------ DATA EXTRACTS ------

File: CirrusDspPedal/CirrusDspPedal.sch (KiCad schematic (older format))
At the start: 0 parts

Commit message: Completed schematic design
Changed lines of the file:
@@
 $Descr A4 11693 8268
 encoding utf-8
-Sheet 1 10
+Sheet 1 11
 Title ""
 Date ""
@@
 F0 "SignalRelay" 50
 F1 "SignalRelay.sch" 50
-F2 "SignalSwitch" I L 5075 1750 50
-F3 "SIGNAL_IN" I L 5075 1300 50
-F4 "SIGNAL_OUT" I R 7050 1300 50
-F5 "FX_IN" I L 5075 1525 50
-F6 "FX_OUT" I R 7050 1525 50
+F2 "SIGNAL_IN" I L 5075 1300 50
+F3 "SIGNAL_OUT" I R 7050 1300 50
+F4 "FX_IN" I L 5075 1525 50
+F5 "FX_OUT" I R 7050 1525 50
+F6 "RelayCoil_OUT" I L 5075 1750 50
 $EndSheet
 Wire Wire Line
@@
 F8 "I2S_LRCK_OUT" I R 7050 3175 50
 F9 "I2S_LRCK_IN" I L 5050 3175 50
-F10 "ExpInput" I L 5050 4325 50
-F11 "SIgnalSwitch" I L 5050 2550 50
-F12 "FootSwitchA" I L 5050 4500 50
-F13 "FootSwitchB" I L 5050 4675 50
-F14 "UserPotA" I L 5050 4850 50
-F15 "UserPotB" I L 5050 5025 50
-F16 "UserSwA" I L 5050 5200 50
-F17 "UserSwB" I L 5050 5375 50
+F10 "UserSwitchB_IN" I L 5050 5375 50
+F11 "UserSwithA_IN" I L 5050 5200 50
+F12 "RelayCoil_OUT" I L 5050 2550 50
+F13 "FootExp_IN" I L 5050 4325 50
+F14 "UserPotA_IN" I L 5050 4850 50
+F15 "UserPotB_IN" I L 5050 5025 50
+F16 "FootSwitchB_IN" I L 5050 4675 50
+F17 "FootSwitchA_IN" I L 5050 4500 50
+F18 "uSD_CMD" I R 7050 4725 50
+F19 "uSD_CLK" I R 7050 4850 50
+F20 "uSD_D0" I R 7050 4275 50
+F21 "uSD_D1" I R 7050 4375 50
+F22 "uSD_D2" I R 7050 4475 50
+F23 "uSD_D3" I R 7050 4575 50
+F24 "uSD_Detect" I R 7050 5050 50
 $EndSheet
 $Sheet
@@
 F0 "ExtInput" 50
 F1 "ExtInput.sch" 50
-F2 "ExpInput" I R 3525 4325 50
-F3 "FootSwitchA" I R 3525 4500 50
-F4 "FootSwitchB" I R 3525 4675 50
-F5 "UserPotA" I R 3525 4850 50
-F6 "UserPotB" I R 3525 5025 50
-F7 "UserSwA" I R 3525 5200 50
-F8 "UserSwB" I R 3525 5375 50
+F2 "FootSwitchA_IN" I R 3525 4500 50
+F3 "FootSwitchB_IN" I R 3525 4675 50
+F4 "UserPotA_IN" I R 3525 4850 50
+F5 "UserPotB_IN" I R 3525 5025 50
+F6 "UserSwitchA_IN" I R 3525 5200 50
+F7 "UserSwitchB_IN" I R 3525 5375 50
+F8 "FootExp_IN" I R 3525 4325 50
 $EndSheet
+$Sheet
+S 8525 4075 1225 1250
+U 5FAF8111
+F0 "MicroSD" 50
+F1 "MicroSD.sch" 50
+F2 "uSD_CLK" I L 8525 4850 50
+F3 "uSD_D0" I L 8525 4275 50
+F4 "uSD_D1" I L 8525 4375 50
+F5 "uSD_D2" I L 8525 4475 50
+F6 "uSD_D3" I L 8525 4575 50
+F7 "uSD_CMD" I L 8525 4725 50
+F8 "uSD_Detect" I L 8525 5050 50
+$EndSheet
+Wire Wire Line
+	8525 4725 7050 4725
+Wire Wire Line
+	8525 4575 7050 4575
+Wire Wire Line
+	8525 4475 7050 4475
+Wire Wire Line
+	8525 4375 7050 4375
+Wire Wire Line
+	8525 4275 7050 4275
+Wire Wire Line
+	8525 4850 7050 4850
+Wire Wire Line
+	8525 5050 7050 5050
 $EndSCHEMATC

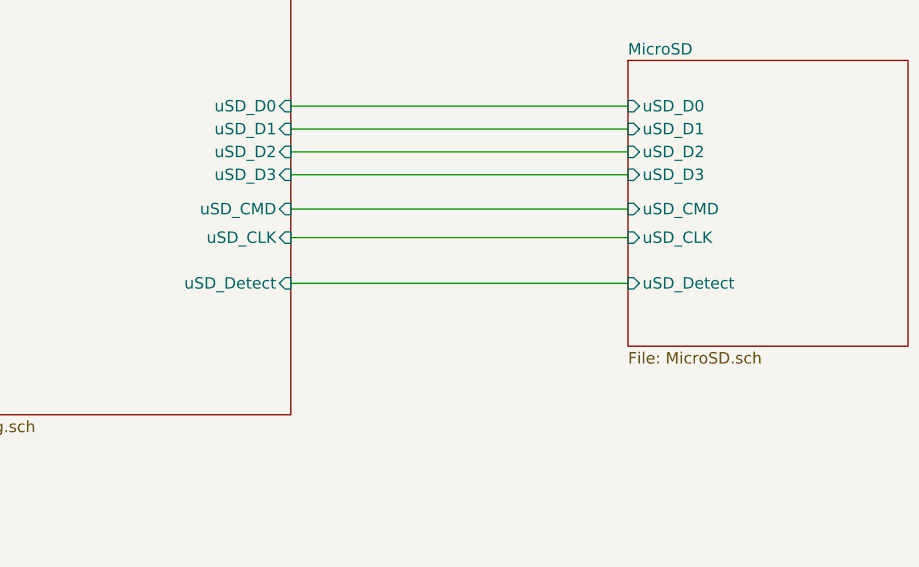
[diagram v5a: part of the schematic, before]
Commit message: replaced SDIO connector
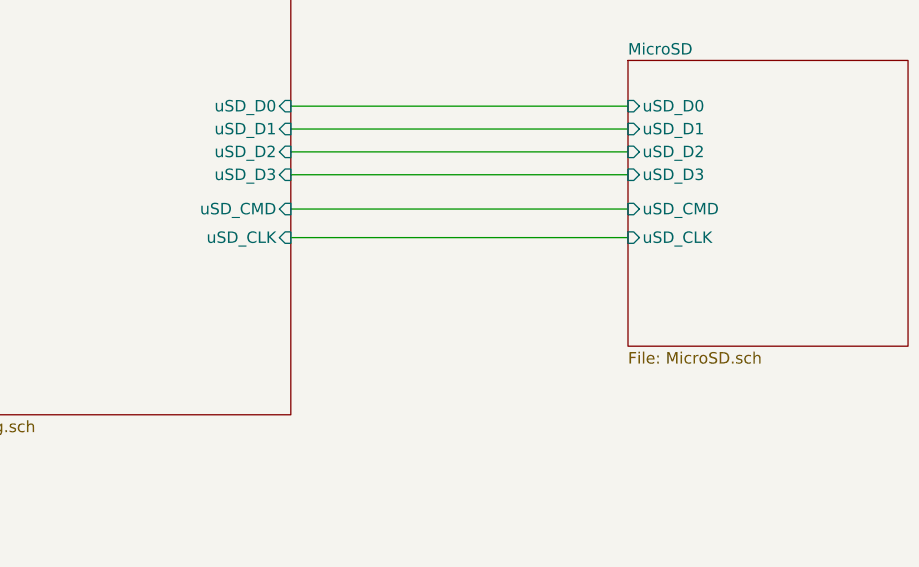
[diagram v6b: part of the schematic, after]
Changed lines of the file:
@@
 F22 "uSD_D2" I R 7050 4475 50
 F23 "uSD_D3" I R 7050 4575 50
-F24 "uSD_Detect" I R 7050 5050 50
 $EndSheet
 $Sheet
@@
 F6 "uSD_D3" I L 8525 4575 50
 F7 "uSD_CMD" I L 8525 4725 50
-F8 "uSD_Detect" I L 8525 5050 50
 $EndSheet
 Wire Wire Line
@@
 Wire Wire Line
 	8525 4850 7050 4850
-Wire Wire Line
-	8525 5050 7050 5050
 $EndSCHEMATC

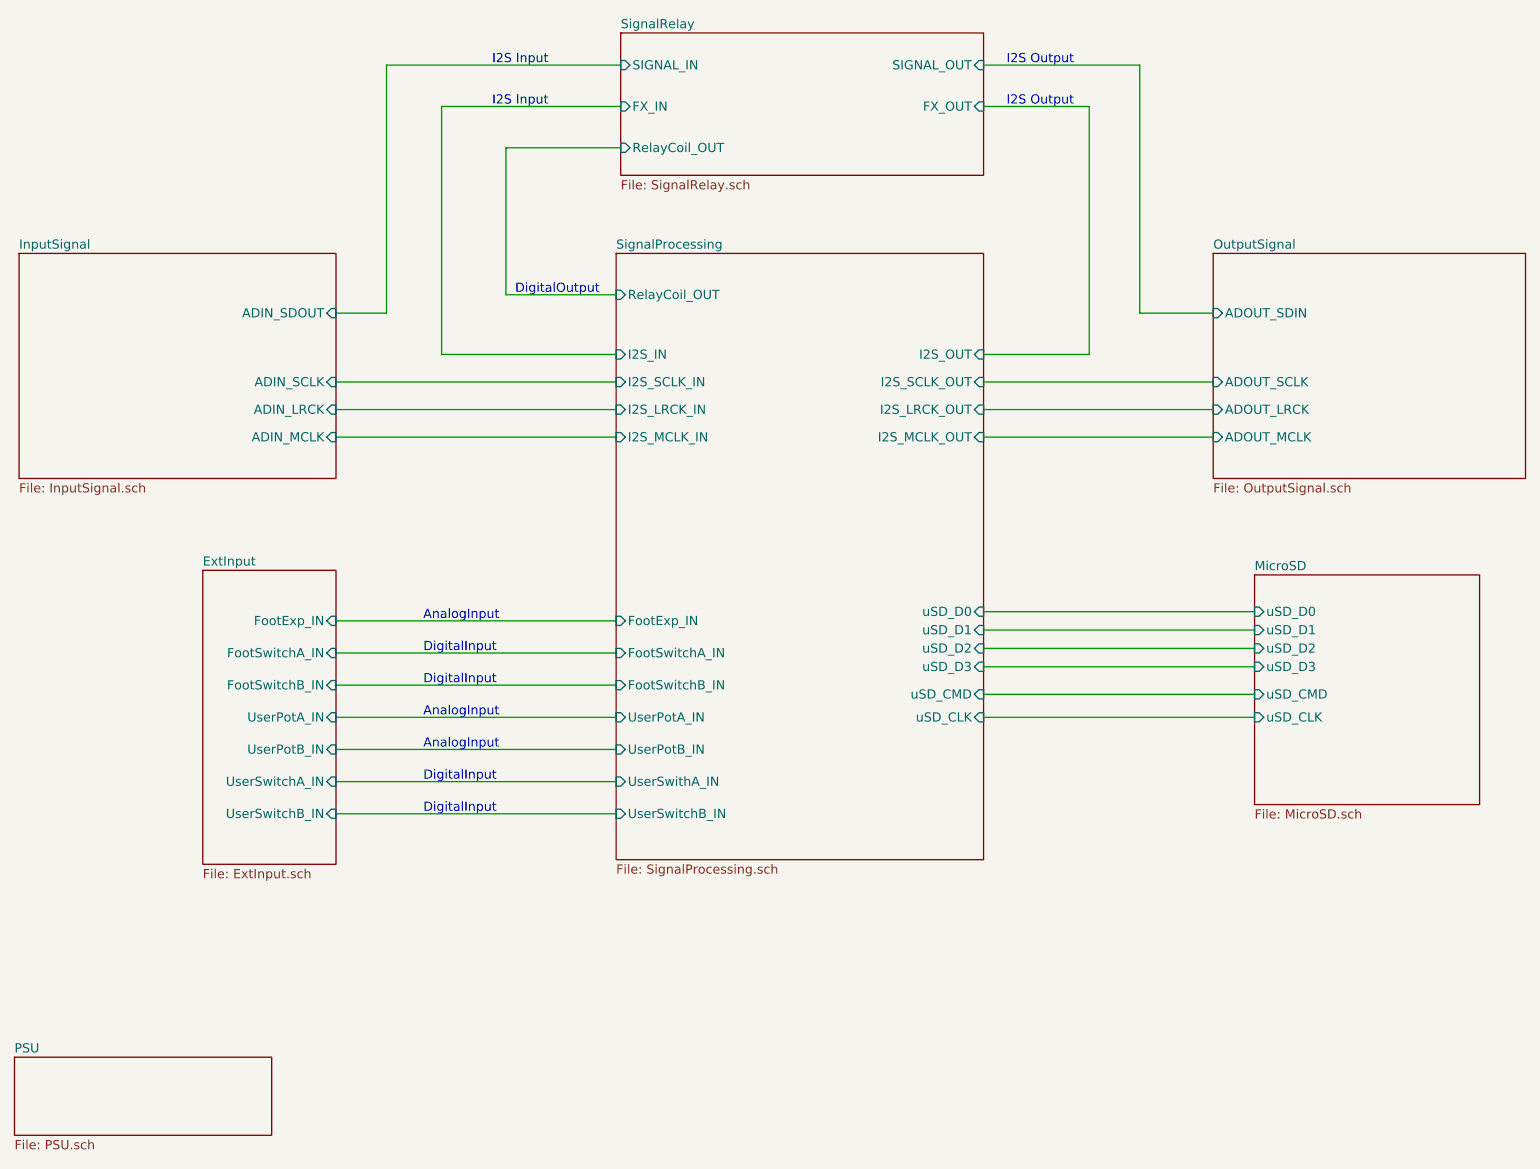
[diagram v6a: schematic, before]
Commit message: Updated RevB
- Replaced analog pots with Rotary Encoders
- Added I2C connector (for OLED screen)
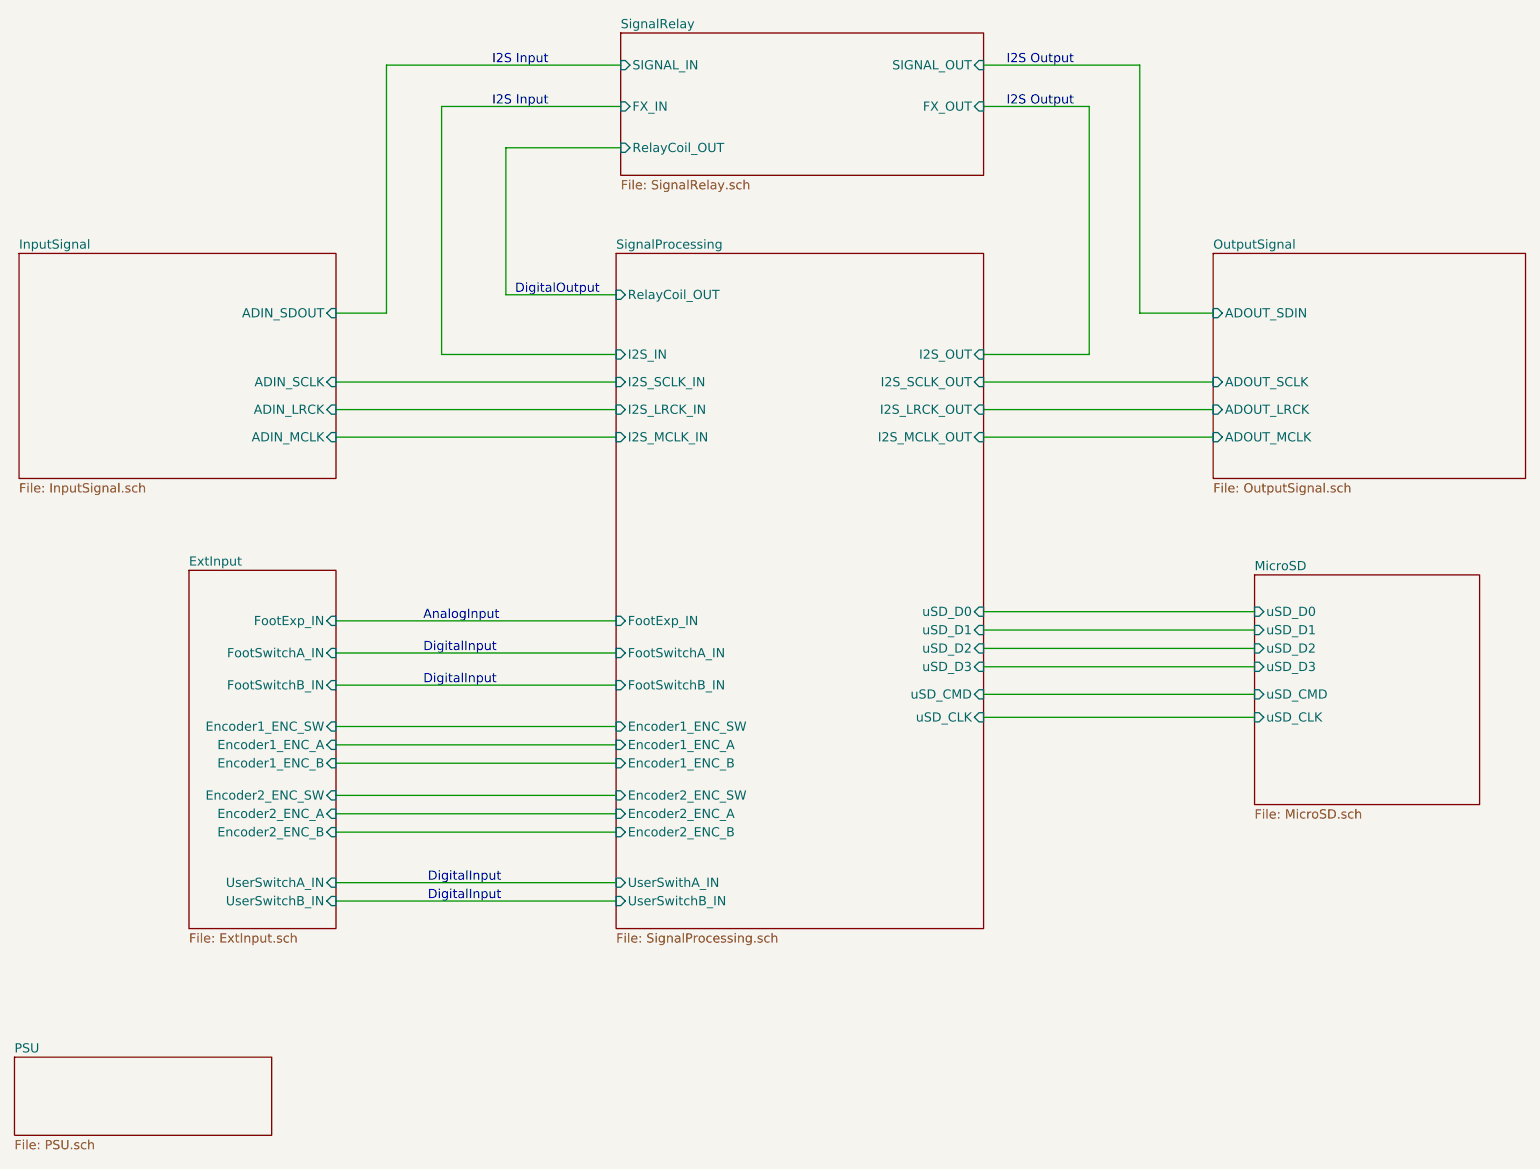
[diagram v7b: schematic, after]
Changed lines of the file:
@@
 $Descr A4 11693 8268
 encoding utf-8
-Sheet 1 10
+Sheet 1 12
 Title ""
 Date ""
@@
 Text Notes 4500 2550 0    50   ~ 0
 DigitalOutput
-Wire Wire Line
-	3525 4850 5050 4850
-Wire Wire Line
-	3525 5025 5050 5025
-Text Notes 4000 4850 0    50   ~ 0
-AnalogInput
-Text Notes 4000 5025 0    50   ~ 0
-AnalogInput
 Text Notes 4375 1300 0    50   ~ 0
 I2S Input
@@
 I2S Output
 Wire Wire Line
-	3525 5200 5050 5200
-Wire Wire Line
-	3525 5375 5050 5375
-Text Notes 4000 5200 0    50   ~ 0
-DigitalInput
-Text Notes 4000 5375 0    50   ~ 0
-DigitalInput
-$Sheet
-S 5050 2325 2000 3300
+	3525 5850 5050 5850
+Text Notes 4025 5750 0    50   ~ 0
+DigitalInput
+Text Notes 4025 5850 0    50   ~ 0
+DigitalInput
+$Sheet
+S 5050 2325 2000 3675
 U 5F834F6D
 F0 "SignalProcessing" 50
@@
 F8 "I2S_LRCK_OUT" I R 7050 3175 50
 F9 "I2S_LRCK_IN" I L 5050 3175 50
-F10 "UserSwitchB_IN" I L 5050 5375 50
-F11 "UserSwithA_IN" I L 5050 5200 50
+F10 "UserSwitchB_IN" I L 5050 5850 50
+F11 "UserSwithA_IN" I L 5050 5750 50
 F12 "RelayCoil_OUT" I L 5050 2550 50
 F13 "FootExp_IN" I L 5050 4325 50
-F14 "UserPotA_IN" I L 5050 4850 50
-F15 "UserPotB_IN" I L 5050 5025 50
-F16 "FootSwitchB_IN" I L 5050 4675 50
-F17 "FootSwitchA_IN" I L 5050 4500 50
-F18 "uSD_CMD" I R 7050 4725 50
-F19 "uSD_CLK" I R 7050 4850 50
-F20 "uSD_D0" I R 7050 4275 50
-F21 "uSD_D1" I R 7050 4375 50
-F22 "uSD_D2" I R 7050 4475 50
-F23 "uSD_D3" I R 7050 4575 50
-$EndSheet
-$Sheet
-S 2800 4050 725  1600
+F14 "FootSwitchB_IN" I L 5050 4675 50
+F15 "FootSwitchA_IN" I L 5050 4500 50
+F16 "uSD_CMD" I R 7050 4725 50
+F17 "uSD_CLK" I R 7050 4850 50
+F18 "uSD_D0" I R 7050 4275 50
+F19 "uSD_D1" I R 7050 4375 50
+F20 "uSD_D2" I R 7050 4475 50
+F21 "uSD_D3" I R 7050 4575 50
+F22 "Encoder1_ENC_A" I L 5050 5000 50
+F23 "Encoder1_ENC_B" I L 5050 5100 50
+F24 "Encoder2_ENC_A" I L 5050 5375 50
+F25 "Encoder2_ENC_B" I L 5050 5475 50
+F26 "Encoder2_ENC_SW" I L 5050 5275 50
+F27 "Encoder1_ENC_SW" I L 5050 4900 50
+$EndSheet
+$Sheet
+S 2725 4050 800  1950
 U 5F898CA5
 F0 "ExtInput" 50
@@
 F2 "FootSwitchA_IN" I R 3525 4500 50
 F3 "FootSwitchB_IN" I R 3525 4675 50
-F4 "UserPotA_IN" I R 3525 4850 50
-F5 "UserPotB_IN" I R 3525 5025 50
-F6 "UserSwitchA_IN" I R 3525 5200 50
-F7 "UserSwitchB_IN" I R 3525 5375 50
-F8 "FootExp_IN" I R 3525 4325 50
+F4 "UserSwitchA_IN" I R 3525 5750 50
+F5 "UserSwitchB_IN" I R 3525 5850 50
+F6 "FootExp_IN" I R 3525 4325 50
+F7 "Encoder1_ENC_SW" I R 3525 4900 50
+F8 "Encoder1_ENC_A" I R 3525 5000 50
+F9 "Encoder1_ENC_B" I R 3525 5100 50
+F10 "Encoder2_ENC_SW" I R 3525 5275 50
+F11 "Encoder2_ENC_A" I R 3525 5375 50
+F12 "Encoder2_ENC_B" I R 3525 5475 50
 $EndSheet
 $Sheet
@@
 Wire Wire Line
 	8525 4850 7050 4850
+Wire Wire Line
+	3525 5750 5050 5750
+Wire Wire Line
+	3525 5000 5050 5000
+Wire Wire Line
+	3525 5100 5050 5100
+Wire Wire Line
+	3525 5375 5050 5375
+Wire Wire Line
+	3525 5475 5050 5475
+Wire Wire Line
+	3525 5275 5050 5275
+Wire Wire Line
+	5050 4900 3525 4900
 $EndSCHEMATC

------

THE TASK
Find each line in the records that contains the string "after", then say how many there are and nothing else.

YOUR RESPONSE
2